▶ **ASSIGNMENT**:
Return the lines below exactly, from the first line to the line that contains "doc.units = ezdxf.units.MM". Leave out pictures.
=== GIVEN ENTRIES ===
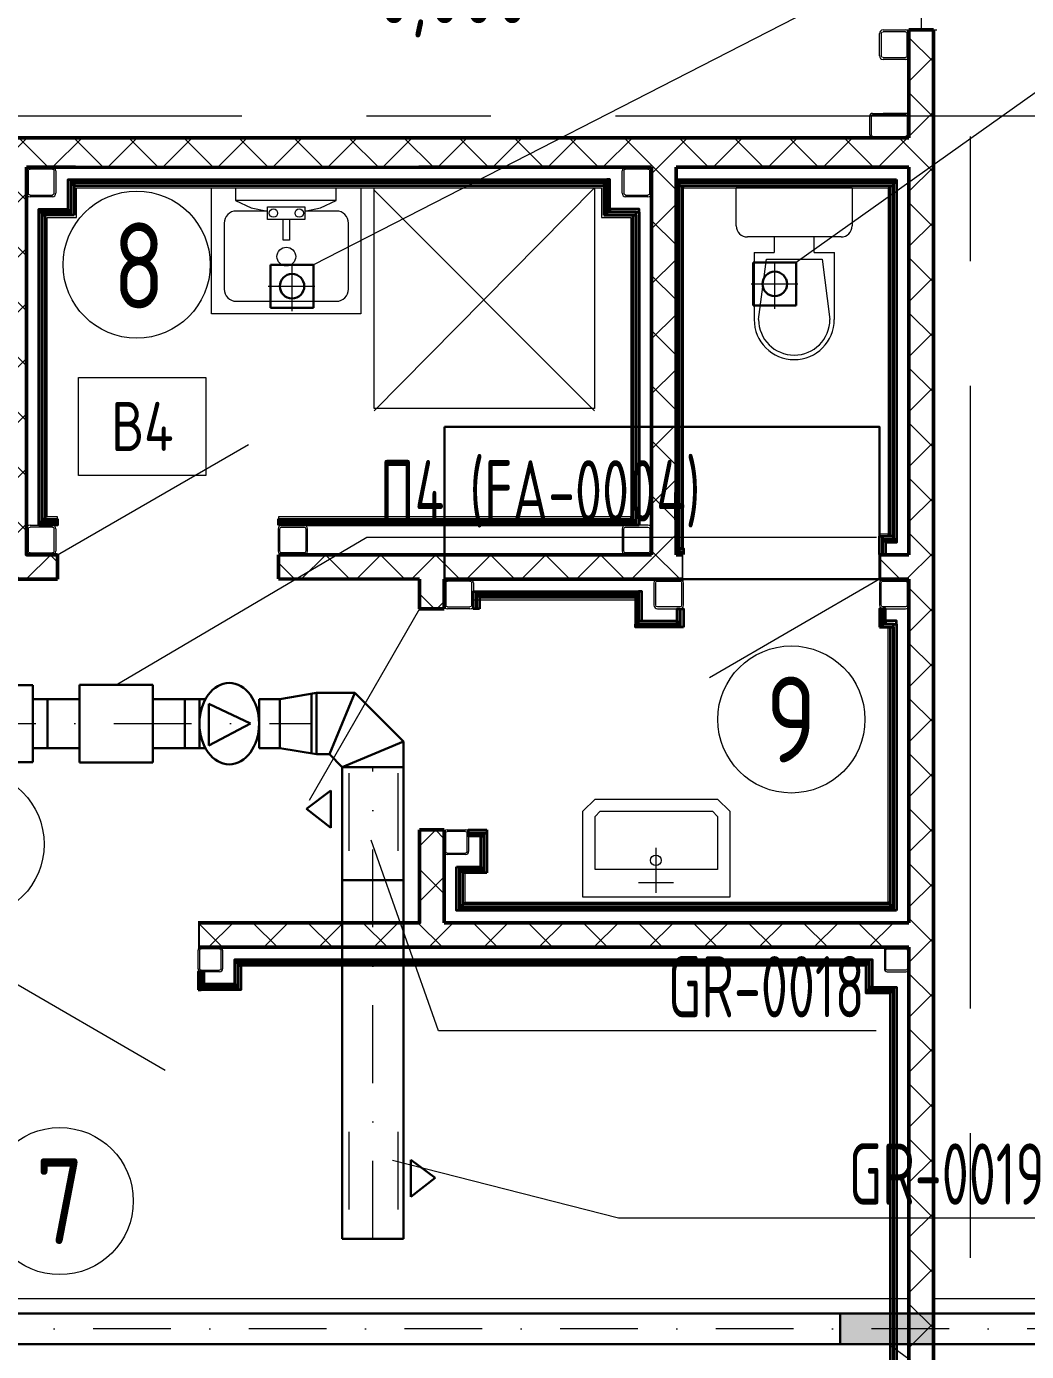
# Model space of a CAD drawing. Header units: millimetres. Extents: x -553547 to 230550, y -59438 to 214451.
# Drawn here: x 94477 to 98556, y -36377 to -30974 of the extents above; entities that cross this region are included whole.
import ezdxf
from ezdxf import colors
from ezdxf.entities.mleader import LeaderData, LeaderLine
from ezdxf.math import Vec2, Vec3

# ---------------------------------------------------------------- set-up
doc = ezdxf.new("R2010")
doc.units = ezdxf.units.MM
doc.set_wipeout_variables(frame=1)
for name, pattern in [('TRATTOPUNTO2', [12.7, 6.35, -3.175, 0, -3.175]), ('ГОСТ 2.303 6', [12, 8, -1.5, 1, -1.5]), ('осевая', [50.8, 31.75, -6.35, 6.35, -6.35])]:
    doc.linetypes.add(name, pattern=pattern)
for name, color, linetype, lineweight in [('_Оси', 252, 'Continuous', 9), ('АР_Двери', 250, 'Continuous', 9), ('АР_Площади', 250, 'Continuous', 20), ('АР_Размеры', 7, 'Continuous', 20), ('АР_Стены и перегородки', 154, 'Continuous', 50), ('АР_Штриховка', 7, 'Continuous', 20), ('АТ_ПС_АЛС_025', 20, 'ГОСТ 2.303 6', 25), ('Вытяжка', 5, 'Continuous', 30), ('ОВ текст', 7, 'Continuous', 15), ('приток', 10, 'Continuous', 30), ('Цоколь', 253, 'Continuous', 35)]:
    doc.layers.add(name, color=color, linetype=linetype, lineweight=lineweight)
doc.layers.add('ОВ_клапаны', color=7, linetype='Continuous')
doc.styles.add('GOST type A', font='GOST2304A.ttf')
doc.styles.add('ГОСТ', font='cs_gost2304.shx')
doc.styles.add('ГОСТ 2.304', font='CS_Gost2304.shx')
doc.linetypes.add('Lotok', pattern='A,5e-05,[6,MSH_7,S=1,R=0,X=0,Y=0],-4.989379', length=4.989429)

# ---------------------------------------------------------------- blocks, each defined once
blk = doc.blocks.new('АР')
at = {"layer": 'АР_Штриховка', "lineweight": 13}
h = blk.add_hatch(dxfattribs=at)
h.set_pattern_fill('ANSI37', color=252, scale=50)
h.set_pattern_definition([(45, (578497.62, -263359.88), (-112.2532, 112.2532), []), (135, (578497.62, -263359.88), (-112.2532, -112.2532), [])])
h.paths.add_polyline_path([(648723.9, -252104.1), (648723.9, -251984), (647623.9, -251984.1), (647623.9, -249179.3), (647723.9, -249179.3), (647723.9, -249079.3), (647348.9, -249079.3), (647348.9, -248781.5), (647248.9, -248782), (647248.9, -249079.3), (646824.7, -249079.3), (646824.7, -249179.3), (647523.9, -249179.3), (647523.9, -251984.1), (645723.9, -251984.1), (645723.9, -249179.3), (645824.7, -249179.3), (645824.7, -249079.3), (645723.9, -249079.3), (645723.9, -248779.3), (645603.9, -248779.3), (645603.9, -252104.1)], flags=17)
h.paths.add_polyline_path([(650523.9, -251983.9), (650523.9, -252104.1), (652073.9, -252104.1), (652073.9, -251984.1), (651723.9, -251984.1), (651723.9, -245439.1), (651623.9, -245439.1), (651623.9, -245879.1), (645723.9, -245879.1), (645723.9, -245439.1), (645603.9, -245439.1), (645603.9, -245928.9), (645603.9, -247779.1), (645723.9, -247779.1), (645723.9, -247679.1), (645826, -247679.1), (645826, -247579.1), (645723.9, -247579.1), (645723.9, -245999.1), (647923.9, -245999.1), (647923.9, -247578.8), (646627.4, -247579.1), (646627.4, -247679.1), (647248.9, -247679.1), (647248.9, -247779.1), (647348.9, -247779.1), (647348.9, -247679.1), (647973.9, -247678.8), (648150.5, -247678.7), (648150.5, -247578.7), (648023.9, -247578.8), (648023.9, -245999.1), (650573.9, -245999), (650573.9, -247579.1), (649051.5, -247579.1), (649051.5, -247678.7), (649627.6, -247678.7), (649627.6, -247799.1), (649727.6, -247799.1), (649727.6, -247678.7), (650703.9, -247678.7), (650703.9, -247579.1), (650673.9, -247579.1), (650673.9, -245999.1), (651623.9, -245999.1), (651623.9, -247578.7), (651503.9, -247578.7), (651503.9, -247678.7), (651623.9, -247678.7), (651623.9, -249079.3), (649727.6, -249079.3), (649727.6, -248701.3), (649627.6, -248701.3), (649627.6, -249079.3), (648723.9, -249079.3), (648723.9, -249179.3), (651623.9, -249179.3), (651623.9, -251984.1), (650543.9, -251983.9)])
at = {"color": 252, "linetype": 'Continuous', "ltscale": 0.5}
for p, q in [((651503.9, -245544.7), (651503.9, -245453.5)), ((651511.1, -245453.5), (651511.1, -245544.7)), ((651518.3, -245439.1), (651609.5, -245439.1)), ((651609.5, -245446.3), (651518.3, -245446.3)), ((651616.7, -245544.7), (651616.7, -245453.5)), ((651623.9, -245453.5), (651623.9, -245544.7)), ((651518.3, -245551.9), (651609.5, -245551.9)), ((651609.5, -245559.1), (651518.3, -245559.1)), ((651475.9, -245779.1), (651611.9, -245779.1)), ((651611.9, -245785.1), (651475.9, -245785.1)), ((651609.5, -245779.1), (651518.3, -245779.1)), ((651463.9, -245867.1), (651463.9, -245791.1)), ((651469.9, -245791.1), (651469.9, -245867.1)), ((651617.9, -245867.1), (651617.9, -245791.1)), ((651623.9, -245791.1), (651623.9, -245867.1)), ((651475.9, -245873.1), (651611.9, -245873.1)), ((651611.9, -245879.1), (651475.9, -245879.1)), ((648038.3, -245999.2), (648129.5, -245999.2)), ((650468.3, -245999.2), (650559.5, -245999.2)), ((648031.1, -246013.6), (648031.1, -246104.8)), ((648129.5, -246006.4), (648038.3, -246006.4)), ((648136.7, -246104.8), (648136.7, -246013.6)), ((648143.9, -246013.6), (648143.9, -246104.8)), ((650453.9, -246104.8), (650453.9, -246013.6)), ((650461.1, -246013.6), (650461.1, -246104.8)), ((650559.5, -246006.4), (650468.3, -246006.4)), ((650566.7, -246104.8), (650566.7, -246013.6)), ((650573.9, -246013.6), (650573.9, -246104.8)), ((648038.3, -246112), (648129.5, -246112)), ((648129.5, -246119.2), (648038.3, -246119.2)), ((650468.3, -246112), (650559.5, -246112)), ((650559.5, -246119.2), (650468.3, -246119.2)), ((648038.3, -247458.8), (648129.5, -247458.8)), ((649156.1, -247458.8), (649064.9, -247458.8)), ((650559.5, -247458.8), (650468.3, -247458.8)), ((648031.1, -247473.2), (648031.1, -247564.4)), ((648129.5, -247466), (648038.3, -247466)), ((648136.7, -247564.4), (648136.7, -247473.2)), ((648143.9, -247473.2), (648143.9, -247564.4)), ((649050.5, -247473.2), (649050.5, -247564.4)), ((649057.7, -247564.4), (649057.7, -247473.2)), ((649064.9, -247466), (649156.1, -247466)), ((649163.3, -247473.2), (649163.3, -247564.4)), ((649170.5, -247564.4), (649170.5, -247473.2)), ((650453.9, -247473.2), (650453.9, -247564.4)), ((650461.1, -247564.4), (650461.1, -247473.2)), ((650468.3, -247466), (650559.5, -247466)), ((650566.7, -247473.2), (650566.7, -247564.4)), ((650573.9, -247564.4), (650573.9, -247473.2)), ((648038.3, -247571.6), (648129.5, -247571.6)), ((648129.5, -247578.8), (648038.3, -247578.8)), ((649156.1, -247571.6), (649064.9, -247571.6)), ((649064.9, -247578.8), (649156.1, -247578.8)), ((650559.5, -247571.6), (650468.3, -247571.6)), ((650468.3, -247578.8), (650559.5, -247578.8)), ((649727.6, -247784.7), (649727.6, -247693.5)), ((649734.8, -247693.5), (649734.8, -247784.7)), ((649742, -247679.1), (649833.2, -247679.1)), ((649833.2, -247686.3), (649742, -247686.3)), ((649840.4, -247784.7), (649840.4, -247693.5)), ((649847.6, -247693.5), (649847.6, -247784.7)), ((650583.9, -247693.5), (650583.9, -247784.7)), ((650591.1, -247784.7), (650591.1, -247693.5)), ((650689.5, -247679.1), (650598.3, -247679.1)), ((650598.3, -247686.3), (650689.5, -247686.3)), ((650696.7, -247693.5), (650696.7, -247784.7)), ((650703.9, -247784.7), (650703.9, -247693.5)), ((651503.9, -247693.5), (651503.9, -247784.7)), ((651511.1, -247784.7), (651511.1, -247693.5)), ((651609.5, -247679.1), (651518.3, -247679.1)), ((651518.3, -247686.3), (651609.5, -247686.3)), ((651616.7, -247693.5), (651616.7, -247784.7)), ((651623.9, -247784.7), (651623.9, -247693.5)), ((649742, -247791.9), (649833.2, -247791.9)), ((649833.2, -247799.1), (649742, -247799.1)), ((650689.5, -247791.9), (650598.3, -247791.9)), ((650598.3, -247799.1), (650689.5, -247799.1)), ((651609.5, -247791.9), (651518.3, -247791.9)), ((651518.3, -247799.1), (651609.5, -247799.1)), ((649739.6, -248701.3), (649815.6, -248701.3)), ((649727.6, -248789.3), (649727.6, -248713.3)), ((649733.6, -248713.3), (649733.6, -248789.3)), ((649815.6, -248707.3), (649739.6, -248707.3)), ((649821.6, -248789.3), (649821.6, -248713.3)), ((649827.6, -248713.3), (649827.6, -248789.3)), ((649739.6, -248795.3), (649815.6, -248795.3)), ((649815.6, -248801.3), (649739.6, -248801.3)), ((648735.9, -249179.3), (648811.9, -249179.3)), ((648811.9, -249185.3), (648735.9, -249185.3)), ((651611.9, -249179.3), (651535.9, -249179.3)), ((651535.9, -249185.3), (651611.9, -249185.3)), ((648723.9, -249267.3), (648723.9, -249191.3)), ((648729.9, -249191.3), (648729.9, -249267.3)), ((648817.9, -249267.3), (648817.9, -249191.3)), ((648823.9, -249191.3), (648823.9, -249267.3)), ((651523.9, -249191.3), (651523.9, -249267.3)), ((651529.9, -249267.3), (651529.9, -249191.3)), ((651617.9, -249191.3), (651617.9, -249267.3)), ((651623.9, -249267.3), (651623.9, -249191.3)), ((648735.9, -249273.3), (648811.9, -249273.3)), ((648811.9, -249279.3), (648735.9, -249279.3)), ((651611.9, -249273.3), (651535.9, -249273.3)), ((651535.9, -249279.3), (651611.9, -249279.3))]:
    blk.add_line(p, q, dxfattribs=at)
at = {"color": 252, "linetype": 'ByBlock', "lineweight": 13}
for p, q in [((648779.3, -246074.1), (649388.6, -246074.1)), ((648779.3, -246596.2), (648779.3, -246083.1)), ((648876.6, -246083.1), (648876.6, -246135)), ((649287.1, -246135), (649287.1, -246083.1)), ((649388.6, -246083.1), (649388.6, -246596.2)), ((649441.9, -246992.1), (650341.9, -246083.1)), ((649441.9, -246092.1), (650341.9, -246992.1)), ((650919.8, -246237.6), (650919.8, -246083.1)), ((651392.5, -246083.1), (650919.8, -246083.1)), ((651392.5, -246083.1), (651392.5, -246237.6)), ((648876.6, -246135), (648940.1, -246164.6)), ((649287.1, -246135), (648876.6, -246135)), ((648940.1, -246164.6), (649007.8, -246177.3)), ((649007.8, -246160.4), (649160.1, -246160.4)), ((649007.8, -246211.2), (649007.8, -246160.4)), ((649160.1, -246160.4), (649160.1, -246211.2)), ((649160.1, -246177.3), (649223.6, -246164.6)), ((649223.6, -246164.6), (649287.1, -246135)), ((649007.8, -246177.3), (648880.1, -246177.3)), ((649160.1, -246211.2), (649007.8, -246211.2)), ((649071.3, -246295.8), (649071.3, -246211.2)), ((649096.7, -246211.2), (649096.7, -246295.8)), ((649287.8, -246177.3), (649160.1, -246177.3)), ((648830.1, -246227.3), (648830.1, -246495.4)), ((649337.8, -246495.4), (649337.8, -246227.3)), ((649096.7, -246295.8), (649071.3, -246295.8)), ((651347.1, -246283.1), (650965.2, -246283.1)), ((651074.3, -246283.1), (651074.3, -246346.7)), ((651238, -246346.7), (651238, -246283.1)), ((650992.5, -246346.7), (651074.3, -246346.7)), ((650992.5, -246346.7), (650992.5, -246619.4)), ((651010.7, -246619.4), (651042.5, -246374)), ((651042.5, -246374), (651269.8, -246374)), ((651238, -246346.7), (651319.8, -246346.7)), ((651269.8, -246374), (651301.6, -246619.4)), ((651319.8, -246619.4), (651319.8, -246346.7)), ((649388.6, -246596.2), (648779.3, -246596.2)), ((648880.1, -246545.4), (649287.8, -246545.4)), ((650591.6, -248774.1), (650591.6, -248957)), ((650591.6, -248774.1), (650591.6, -248957)), ((650662.9, -248916.5), (650520.4, -248916.4)), ((650662.9, -248916.5), (650520.4, -248916.4))]:
    blk.add_line(p, q, dxfattribs=at)
for points in [[(650341.9, -246083.1), (650341.9, -246983.1), (649441.9, -246983.1), (649441.9, -246083.1)], [(650893.7, -248975.1), (650293.7, -248975.1), (650293.7, -248625.1), (650343.7, -248575.1), (650843.7, -248575.1), (650893.7, -248625.1)], [(650843.7, -248862.6), (650343.7, -248862.6), (650343.7, -248645.8), (650364.4, -248625.1), (650823, -248625.1), (650843.7, -248645.8)]]:
    blk.add_lwpolyline(points, close=True, dxfattribs=at)
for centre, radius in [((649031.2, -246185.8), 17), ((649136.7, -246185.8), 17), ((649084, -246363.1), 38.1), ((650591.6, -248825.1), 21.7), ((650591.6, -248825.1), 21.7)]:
===
▶ **ANSWER BOX**:
# Model space of a CAD drawing. Header units: millimetres. Extents: x -553547 to 230550, y -59438 to 214451.
# Drawn here: x 94477 to 98556, y -36377 to -30974 of the extents above; entities that cross this region are included whole.
import ezdxf
from ezdxf import colors
from ezdxf.entities.mleader import LeaderData, LeaderLine
from ezdxf.math import Vec2, Vec3

# ---------------------------------------------------------------- set-up
doc = ezdxf.new("R2010")
doc.units = ezdxf.units.MM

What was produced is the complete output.